You also won't need to use any shared memory or transfer from global to shared memory.
If my info is up-to-date, the shared memory is the second fastest memory, second only to the registers.
If reading this data from shared memory every iteration slows you down and you still have registers available (refer to your GPU's compute capability and specs), you could perhaps try to store a copy of this value in every thread's register (using a local variable).
I tried to develop a small CUDA program for find the max value in the given array,
int input_data[0...50] = 1,2,3,4,5....,50
max_value initialized by the first value of the input_data[0],
The final answer is stored in result[0].
The kernel is giving 0 as the max value. I don't know what the problem is.
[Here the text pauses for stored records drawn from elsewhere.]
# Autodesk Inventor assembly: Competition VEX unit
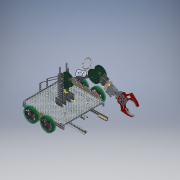
[picture p0: Inventor's stored thumbnail of the model, 180x180]
Saved by Autodesk Inventor 2018 (Build 220112000, 112)
## iProperties
Created: 2018-11-09
Part Number: Competition VEX unit
Document SubType Name: Assembly
Designer: USER
Author: USER
## Documents named in this file (18)
- C:\Users\USER\Desktop\School\Grade 12\Sem 1\Computer Engineering\Competition Robot Inventor\Competition VEX unit.iam
- C:\Users\USER\Downloads\Inventor_2013_VEX_ KOP_-_Metric\Metric\Structure\Chassis Rail 25 Hole.ipt
- C:\Users\USER\Downloads\Inventor_2013_VEX_ KOP_-_Metric\Metric\Structure\Chassis Rail 16 Hole.ipt
- C:\Users\USER\Downloads\Inventor_2013_VEX_ KOP_-_Metric\Metric\Structure\Plate 5x25 Hole.ipt
- C:\Users\USER\Downloads\Inventor_2013_VEX_ KOP_-_Metric\Metric\Structure\Bar 1x25.ipt
- C:\Users\USER\Downloads\Inventor_2013_VEX_ KOP_-_Metric\Metric\Motion\Bearing Flat.ipt
- C:\Users\USER\Downloads\Inventor_2013_VEX_ KOP_-_Metric\Metric\Motion\60 Tooth Gear.ipt
- C:\Users\USER\Downloads\Inventor_2013_VEX_ KOP_-_Metric\Metric\Motion\Shaft 4 inch.ipt
- C:\Users\USER\Downloads\Inventor_2013_VEX_ KOP_-_Metric\Metric\Motion\4 inch Wheel.iam
- C:\Users\USER\Downloads\Inventor_2013_VEX_ KOP_-_Metric\Metric\Structure\C-Channel 1x2x1x15 Hole.ipt
- C:\Users\USER\Downloads\Inventor_2013_VEX_ KOP_-_Metric\Metric\Structure\C-Channel 1x2x1x25 Hole.ipt
- C:\Users\USER\Downloads\Inventor_2013_VEX_ KOP_-_Metric\Metric\Motion\19 Tooth Rack Gear.ipt
- C:\Users\USER\Downloads\Inventor_2013_VEX_ KOP_-_Metric\Metric\Motion\Shaft 3 inch.ipt
- C:\Users\USER\Downloads\Inventor_2013_VEX_ KOP_-_Metric\Metric\Motion\Shaft Collar.iam
- C:\Users\USER\Downloads\Inventor_2013_VEX_ KOP_-_Metric\Metric\Structure\Lin Mot-Rack Brk.ipt
- C:\Users\USER\Downloads\Inventor_2013_VEX_ KOP_-_Metric\Metric\Structure\Chassis Bumper 15 Hole.ipt
- C:\Users\USER\Downloads\Inventor_2013_VEX_ KOP_-_Metric\Metric\Motion\12 Tooth Gear.ipt
- C:\Users\USER\Downloads\Inventor_2013_VEX_ KOP_-_Metric\Metric\Structure\Bar 1x20.ipt
## Components (58 placed, 18 different names)
1. Chassis Rail 25 Hole:1 — Rigid:3, Rigid:27
2. Chassis Rail 25 Hole:2 — Rigid:1, Rigid:2, Rigid:28
3. Chassis Rail 25 Hole:3 — Rigid:2, Rigid:4, Rigid:5, Rigid:6, Rigid:7, Rigid:48
4. Chassis Rail 25 Hole:4 — Rigid:1, Rigid:3
5. Plate 5x25 Hole:1 — Rigid:4, Rigid:9, Rigid:38, Rigid:39
6. Plate 5x25 Hole:2 — Rigid:5, Rigid:40
7. Plate 5x25 Hole:3 — Rigid:6, Rigid:41
8. Plate 5x25 Hole:4 — Rigid:7, Rigid:10
9. Bar 1x25:1 — Rigid:46
10. Chassis Rail 16 Hole:1 — Rigid:9, Rigid:11, Rigid:12, Rigid:13
11. Chassis Rail 16 Hole:2 — Rigid:10, Rigid:14, Rigid:15, Rigid:16
12. Bearing Flat:1 — Rigid:11, Rotational:4
13. Bearing Flat:2 — Rigid:12, Rotational:5
14. Bearing Flat:3 — Rigid:14, Rotational:1
15. Bearing Flat:4 — Rigid:13, Rotational:6
16. Bearing Flat:5 — Rigid:15, Rotational:2
17. Bearing Flat:6 — Rigid:16, Rotational:3
18. 60 Tooth Gear:1 — Rigid:17, Rotation:1
19. 60 Tooth Gear:2 — Rigid:18, Rotation:1, Rotation:2
20. 60 Tooth Gear:3 — Rigid:19, Rotation:2
21. 60 Tooth Gear:4 — Rigid:25, Rotation:4
22. 60 Tooth Gear:5 — Rigid:24, Rotation:3, Rotation:4
23. 60 Tooth Gear:6 — Rigid:23, Rotation:3
24. Shaft 4 inch:1 — Rotational:1, Rigid:17, Rigid:20
25. Shaft 4 inch:2 — Rotational:2, Rigid:18
26. Shaft 4 inch:3 — Rotational:3, Rigid:19, Rigid:21
27. Shaft 4 inch:4 — Rotational:4, Rigid:23, Rigid:22
28. Shaft 4 inch:5 — Rotational:5, Rigid:24
29. Shaft 4 inch:6 — Rotational:6, Rigid:25, Rigid:26
30. 4 inch Wheel:1 [sub-assembly] — Rigid:20
31. 4 inch Wheel:2 [sub-assembly] — Rigid:22
32. 4 inch Wheel:3 [sub-assembly] — Rigid:26
33. 4 inch Wheel:4 [sub-assembly] — Rigid:21
34. C-Channel 1x2x1x15 Hole:1 — Rigid:27
35. Plate 5x25 Hole:5 — Rigid:28, Rigid:29
36. C-Channel 1x2x1x25 Hole:1 — Rigid:29
37. C-Channel 1x2x1x15 Hole:2 — Rigid:30, Rigid:33
38. C-Channel 1x2x1x15 Hole:3 — Rigid:31, Rigid:32
39. 19 Tooth Rack Gear:1 — Rigid:30
40. 19 Tooth Rack Gear:2 — Rigid:31
41. 60 Tooth Gear:7 — Rigid:35, Rotation:6
42. 60 Tooth Gear:8 — Rigid:37, Rotation:6
43. Bearing Flat:7 — Rigid:32, Rigid:34
44. Bearing Flat:8 — Rigid:33, Rigid:36
45. Shaft 3 inch:1 — Rigid:34, Rigid:35, Rotational:7
46. Shaft 3 inch:2 — Rigid:36, Rigid:37, Rotational:8
47. Shaft Collar:1 [sub-assembly] — Rigid:38, Rotational:7
48. Shaft Collar:2 [sub-assembly] — Rigid:39, Rotational:8
49. Lin Mot-Rack Brk:1 — Rigid:40, Rigid:42
50. Lin Mot-Rack Brk:2 — Rigid:41, Rigid:43
51. Chassis Bumper 15 Hole:1 — Rigid:42, Rotational:9, Rigid:46
52. Chassis Bumper 15 Hole:2 — Rigid:43, Rigid:47, Rotational:10
53. Shaft 4 inch:7 — Rigid:44, Rigid:45, Rotational:9
54. 12 Tooth Gear:1 — Rigid:44, Rotation:5
55. 12 Tooth Gear:2 — Rigid:45
56. Bar 1x25:2 — Rigid:47
57. Bar 1x20:1 — Rigid:48
58. Arm Manipulator:1 [sub-assembly] — Rotation:5, Rotational:10
## Relationships (63: WeldJoint 47, RevoluteJoint 10, RelateRotation 6)
- Rigid:1 [WeldJoint]: Chassis Rail 25 Hole:2 ↔ Chassis Rail 25 Hole:4
- Rigid:2 [WeldJoint]: Chassis Rail 25 Hole:2 ↔ Chassis Rail 25 Hole:3
- Rigid:3 [WeldJoint]: Chassis Rail 25 Hole:1 ↔ Chassis Rail 25 Hole:4
- Rigid:4 [WeldJoint]: Chassis Rail 25 Hole:3 ↔ Plate 5x25 Hole:1
- Rigid:5 [WeldJoint]: Chassis Rail 25 Hole:3 ↔ Plate 5x25 Hole:2
- Rigid:6 [WeldJoint]: Chassis Rail 25 Hole:3 ↔ Plate 5x25 Hole:3
- Rigid:7 [WeldJoint]: Chassis Rail 25 Hole:3 ↔ Plate 5x25 Hole:4
- Rigid:9 [WeldJoint]: Plate 5x25 Hole:1 ↔ Chassis Rail 16 Hole:1
- Rigid:10 [WeldJoint]: Plate 5x25 Hole:4 ↔ Chassis Rail 16 Hole:2
- Rigid:11 [WeldJoint]: Chassis Rail 16 Hole:1 ↔ Bearing Flat:1
- Rigid:12 [WeldJoint]: Chassis Rail 16 Hole:1 ↔ Bearing Flat:2
- Rigid:13 [WeldJoint]: Chassis Rail 16 Hole:1 ↔ Bearing Flat:4
- Rigid:14 [WeldJoint]: Chassis Rail 16 Hole:2 ↔ Bearing Flat:3
- Rigid:15 [WeldJoint]: Chassis Rail 16 Hole:2 ↔ Bearing Flat:5
- Rigid:16 [WeldJoint]: Chassis Rail 16 Hole:2 ↔ Bearing Flat:6
- Rotational:1 [RevoluteJoint] (25.4 mm): Bearing Flat:3 ↔ Shaft 4 inch:1
- Rotational:2 [RevoluteJoint] (25.4 mm): Bearing Flat:5 ↔ Shaft 4 inch:2
- Rotational:3 [RevoluteJoint] (-25.4 mm): Bearing Flat:6 ↔ Shaft 4 inch:3
- Rigid:17 [WeldJoint] (25.4 mm): 60 Tooth Gear:1 ↔ Shaft 4 inch:1
- Rigid:18 [WeldJoint] (-25.4 mm): 60 Tooth Gear:2 ↔ Shaft 4 inch:2
- Rigid:19 [WeldJoint] (-25.4 mm): 60 Tooth Gear:3 ↔ Shaft 4 inch:3
- Rotation:1 [RelateRotation] (1 ul): 60 Tooth Gear:1 ↔ 60 Tooth Gear:2
- Rotation:2 [RelateRotation] (1 ul): 60 Tooth Gear:2 ↔ 60 Tooth Gear:3
- Rigid:20 [WeldJoint] (20.32 mm): Shaft 4 inch:1 ↔ 4 inch Wheel:1
- Rigid:21 [WeldJoint] (20.32 mm): Shaft 4 inch:3 ↔ 4 inch Wheel:4
- Rotational:4 [RevoluteJoint] (-25.4 mm): Bearing Flat:1 ↔ Shaft 4 inch:4
- Rotational:5 [RevoluteJoint] (-25.4 mm): Bearing Flat:2 ↔ Shaft 4 inch:5
- Rotational:6 [RevoluteJoint] (-25.4 mm): Bearing Flat:4 ↔ Shaft 4 inch:6
- Rigid:23 [WeldJoint] (-25.4 mm): 60 Tooth Gear:6 ↔ Shaft 4 inch:4
- Rigid:24 [WeldJoint] (-25.4 mm): 60 Tooth Gear:5 ↔ Shaft 4 inch:5
- Rigid:25 [WeldJoint] (-25.4 mm): 60 Tooth Gear:4 ↔ Shaft 4 inch:6
- Rotation:3 [RelateRotation] (1 ul): 60 Tooth Gear:5 ↔ 60 Tooth Gear:6
- Rotation:4 [RelateRotation] (1 ul): 60 Tooth Gear:4 ↔ 60 Tooth Gear:5
- Rigid:22 [WeldJoint]: Shaft 4 inch:4 ↔ 4 inch Wheel:2
- Rigid:26 [WeldJoint]: Shaft 4 inch:6 ↔ 4 inch Wheel:3
- Rigid:27 [WeldJoint]: Chassis Rail 25 Hole:1 ↔ C-Channel 1x2x1x15 Hole:1
- Rigid:28 [WeldJoint]: Chassis Rail 25 Hole:2 ↔ Plate 5x25 Hole:5
- Rigid:29 [WeldJoint]: Plate 5x25 Hole:5 ↔ C-Channel 1x2x1x25 Hole:1
- Rigid:30 [WeldJoint]: C-Channel 1x2x1x15 Hole:2 ↔ 19 Tooth Rack Gear:1
- Rigid:31 [WeldJoint]: C-Channel 1x2x1x15 Hole:3 ↔ 19 Tooth Rack Gear:2
- Rigid:32 [WeldJoint]: C-Channel 1x2x1x15 Hole:3 ↔ Bearing Flat:7
- Rigid:33 [WeldJoint]: C-Channel 1x2x1x15 Hole:2 ↔ Bearing Flat:8
- Rigid:34 [WeldJoint]: Bearing Flat:7 ↔ Shaft 3 inch:1
- Rigid:35 [WeldJoint] (43.18 mm): 60 Tooth Gear:7 ↔ Shaft 3 inch:1
- Rigid:36 [WeldJoint]: Bearing Flat:8 ↔ Shaft 3 inch:2
- Rigid:37 [WeldJoint] (-43.18 mm): 60 Tooth Gear:8 ↔ Shaft 3 inch:2
- Rigid:38 [WeldJoint]: Plate 5x25 Hole:1 ↔ Shaft Collar:1
- Rigid:39 [WeldJoint]: Plate 5x25 Hole:1 ↔ Shaft Collar:2
- Rotational:7 [RevoluteJoint] (25.4 mm): Shaft 3 inch:1 ↔ Shaft Collar:1
- Rotational:8 [RevoluteJoint] (25.4 mm): Shaft 3 inch:2 ↔ Shaft Collar:2
- Rigid:40 [WeldJoint]: Plate 5x25 Hole:2 ↔ Lin Mot-Rack Brk:1
- Rigid:41 [WeldJoint]: Plate 5x25 Hole:3 ↔ Lin Mot-Rack Brk:2
- Rigid:42 [WeldJoint]: Lin Mot-Rack Brk:1 ↔ Chassis Bumper 15 Hole:1
- Rigid:43 [WeldJoint]: Lin Mot-Rack Brk:2 ↔ Chassis Bumper 15 Hole:2
- Rigid:44 [WeldJoint] (-38.1 mm): Shaft 4 inch:7 ↔ 12 Tooth Gear:1
- Rigid:45 [WeldJoint] (-25.4 mm): Shaft 4 inch:7 ↔ 12 Tooth Gear:2
- Rotational:9 [RevoluteJoint] (-25.4 mm): Chassis Bumper 15 Hole:1 ↔ Shaft 4 inch:7
- Rigid:46 [WeldJoint]: Bar 1x25:1 ↔ Chassis Bumper 15 Hole:1
- Rigid:47 [WeldJoint]: Chassis Bumper 15 Hole:2 ↔ Bar 1x25:2
- Rigid:48 [WeldJoint]: Chassis Rail 25 Hole:3 ↔ Bar 1x20:1
- Rotation:5 [RelateRotation] (1 ul): 12 Tooth Gear:1 ↔ Arm Manipulator:1
- Rotational:10 [RevoluteJoint] (-33.02 mm): Chassis Bumper 15 Hole:2 ↔ Arm Manipulator:1
- Rotation:6 [RelateRotation] (1 ul): 60 Tooth Gear:7 ↔ 60 Tooth Gear:8

I executed by 1 block 50 threads.
__device__ int lock=0;
__global__ void max(float *input_data,float *result)
{
float max_value = input_data[0];
int tid = threadIdx.x;
if( input_data[tid] > max_value)
{
do{} while(atomicCAS(&lock,0,1));
max_value=input_data[tid];
__threadfence();
lock=0;
}
__syncthreads();
result[0]=max_value; //Final result of max value
}
Even though there are in-built functions, just I am practicing small problems.
You are trying to set up a "critical section", but this approach on CUDA can lead to hang of your whole program - try to avoid it whenever possible.
Why your code hangs?
Your kernel (__global__ function) is executed by groups of 32 threads, called warps. All threads inside a single warp execute synchronously. So, the warp will stop in your do{} while(atomicCAS(&lock,0,1)) until all threads from your warp succeed with obtaining the lock. But obviously, you want to prevent several threads from executing the critical section at the same time. This leads to a hang.
Alternative solution
What you need is a "parallel reduction algorithm". You can start reading here:
Parallel prefix sum # wikipedia
Parallel Reduction # CUDA website
NVIDIA's Guide to Reduction
Your code has potential race. I'm not sure if you defined the 'max_value' variable in shared memory or not, but both are wrong.
1) If 'max_value' is just a local variable, then each thread holds the local copy of it, which are not the actual maximum value (they are just the maximum value between input_data[0] and input_data[tid]). In the last line of code, all threads write to result[0] their own max_value, which will result in undefined behavior.
2) If 'max_value' is a shared variable, 49 threads will enter the if-statements block, and they will try to update the 'max_value' one at a time using locks. But the order of executions among 49 threads is not defined, and therefore some threads may overwrite the actual maximum value to smaller values. You would need to compare the maximum value again within the critical section.
Max is a 'reduction' - check out the Reduction sample in the SDK, and do max instead of summation.
The white paper's a little old but still reasonably useful:
http://developer.download.nvidia.com/compute/cuda/1_1/Website/projects/reduction/doc/reduction.pdf
The final optimization step is to use 'warp synchronous' coding to avoid unnecessary __syncthreads() calls.
It requires at least 2 kernel invocations - one to write a bunch of intermediate max() values to global memory, then another to take the max() of that array.
If you want to do it in a single kernel invocation, check out the threadfenceReduction SDK sample. That uses __threadfence() and atomicAdd() to track progress, then has 1 block do a final reduction when all blocks have finished writing their intermediate results.
There are different accesses for variables. when you define a variable by device then the variable is placed on GPU global memory and it is accessible by all threads in grid , shared places the variable in block shared memory and it is accessible only by the threads of that block , at the end if you don't use any keyword like float max_value then the variable is placed on thread registers and it can be accessed only in that thread.In your code each thread have local variable max_value and it doesn't identify variables in other threads.